BEGIN SUPPLIED DATA

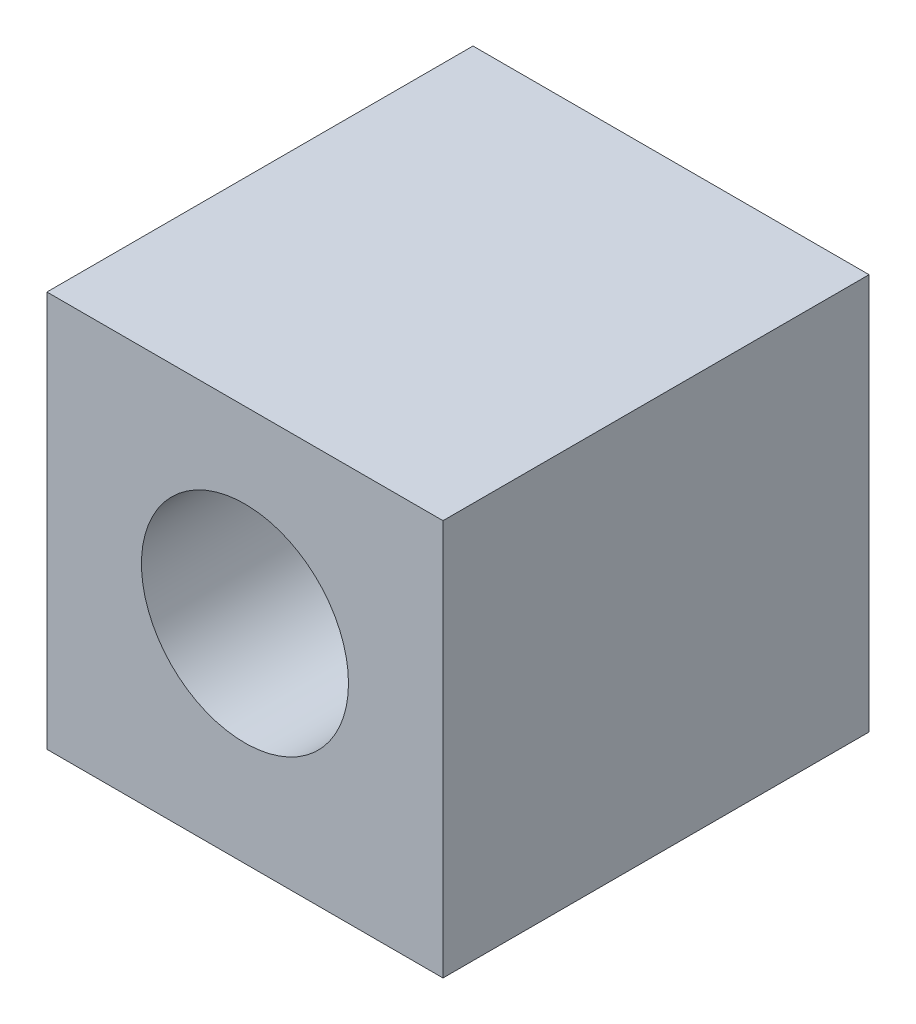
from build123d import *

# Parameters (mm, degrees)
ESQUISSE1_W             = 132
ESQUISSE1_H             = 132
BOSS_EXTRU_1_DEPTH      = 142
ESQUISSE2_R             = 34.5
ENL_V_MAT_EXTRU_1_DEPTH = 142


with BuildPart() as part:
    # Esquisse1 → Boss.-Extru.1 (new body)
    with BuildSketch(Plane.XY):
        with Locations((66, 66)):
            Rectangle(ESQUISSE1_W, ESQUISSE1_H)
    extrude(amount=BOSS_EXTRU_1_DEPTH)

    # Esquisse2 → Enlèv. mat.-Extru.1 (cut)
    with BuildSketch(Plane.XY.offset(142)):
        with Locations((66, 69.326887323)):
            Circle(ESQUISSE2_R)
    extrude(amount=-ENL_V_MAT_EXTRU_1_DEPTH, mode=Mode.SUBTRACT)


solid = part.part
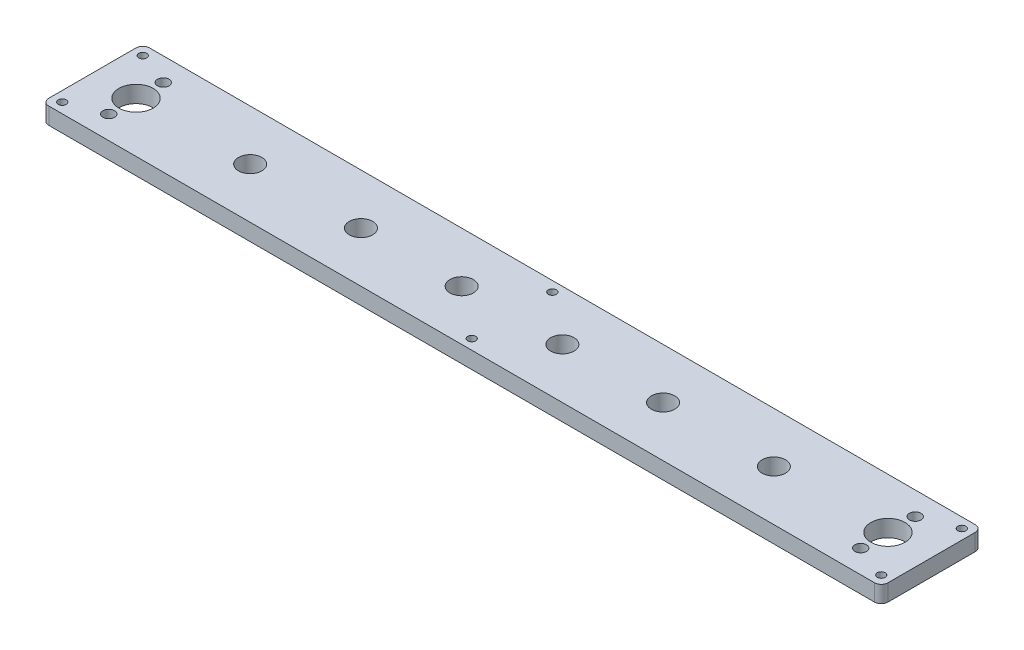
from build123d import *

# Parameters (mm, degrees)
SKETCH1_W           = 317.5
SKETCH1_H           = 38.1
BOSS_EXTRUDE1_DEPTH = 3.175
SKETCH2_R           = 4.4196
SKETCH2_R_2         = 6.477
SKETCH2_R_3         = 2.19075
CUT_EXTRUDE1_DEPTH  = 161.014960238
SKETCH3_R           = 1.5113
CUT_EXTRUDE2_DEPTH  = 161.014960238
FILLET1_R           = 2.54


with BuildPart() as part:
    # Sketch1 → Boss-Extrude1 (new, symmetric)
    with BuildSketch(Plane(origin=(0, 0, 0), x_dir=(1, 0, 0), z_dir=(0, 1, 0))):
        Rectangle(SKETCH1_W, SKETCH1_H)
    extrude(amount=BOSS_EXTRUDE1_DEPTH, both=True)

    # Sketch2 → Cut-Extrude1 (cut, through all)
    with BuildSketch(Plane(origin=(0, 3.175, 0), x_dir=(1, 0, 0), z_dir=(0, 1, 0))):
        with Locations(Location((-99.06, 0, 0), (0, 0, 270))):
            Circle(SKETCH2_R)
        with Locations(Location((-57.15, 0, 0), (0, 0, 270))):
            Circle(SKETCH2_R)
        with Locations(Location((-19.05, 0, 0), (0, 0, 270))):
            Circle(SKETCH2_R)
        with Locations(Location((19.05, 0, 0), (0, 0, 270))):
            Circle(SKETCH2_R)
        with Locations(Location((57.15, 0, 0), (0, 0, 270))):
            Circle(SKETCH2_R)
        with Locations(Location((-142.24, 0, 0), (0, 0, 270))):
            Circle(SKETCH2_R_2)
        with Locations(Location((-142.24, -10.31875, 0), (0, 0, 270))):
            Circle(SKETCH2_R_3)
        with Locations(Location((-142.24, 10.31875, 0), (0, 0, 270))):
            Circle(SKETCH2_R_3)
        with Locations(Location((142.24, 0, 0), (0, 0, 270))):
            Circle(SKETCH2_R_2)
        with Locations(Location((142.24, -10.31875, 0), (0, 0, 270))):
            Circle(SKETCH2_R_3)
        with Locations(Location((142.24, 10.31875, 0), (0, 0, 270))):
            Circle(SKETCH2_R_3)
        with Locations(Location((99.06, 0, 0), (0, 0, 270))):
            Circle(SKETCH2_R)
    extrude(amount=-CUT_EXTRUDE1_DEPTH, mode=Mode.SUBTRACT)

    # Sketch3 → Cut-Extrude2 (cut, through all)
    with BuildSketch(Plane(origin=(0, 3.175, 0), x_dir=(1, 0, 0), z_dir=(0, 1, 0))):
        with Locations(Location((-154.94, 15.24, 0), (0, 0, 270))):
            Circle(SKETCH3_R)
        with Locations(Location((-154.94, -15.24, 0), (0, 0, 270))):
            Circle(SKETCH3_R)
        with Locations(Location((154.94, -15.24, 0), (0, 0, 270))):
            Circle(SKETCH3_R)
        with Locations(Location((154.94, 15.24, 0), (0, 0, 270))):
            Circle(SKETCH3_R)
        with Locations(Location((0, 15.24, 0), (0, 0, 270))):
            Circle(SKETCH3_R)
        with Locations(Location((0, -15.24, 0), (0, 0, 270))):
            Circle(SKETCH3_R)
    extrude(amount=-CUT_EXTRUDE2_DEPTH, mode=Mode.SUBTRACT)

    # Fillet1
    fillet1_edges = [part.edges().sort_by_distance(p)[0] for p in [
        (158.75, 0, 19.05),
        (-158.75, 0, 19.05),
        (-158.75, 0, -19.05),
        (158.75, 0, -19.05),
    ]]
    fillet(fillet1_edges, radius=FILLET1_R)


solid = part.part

END SUPPLIED DATA

▸ EXERCISE INSTRUCTIONS: Looking at the data above, show all lines where the word "mode" occurs.

▸ SOLUTION TO THE EXERCISE:
    extrude(amount=-ENL_V_MAT_EXTRU_1_DEPTH, mode=Mode.SUBTRACT)
    extrude(amount=-CUT_EXTRUDE1_DEPTH, mode=Mode.SUBTRACT)
    extrude(amount=-CUT_EXTRUDE2_DEPTH, mode=Mode.SUBTRACT)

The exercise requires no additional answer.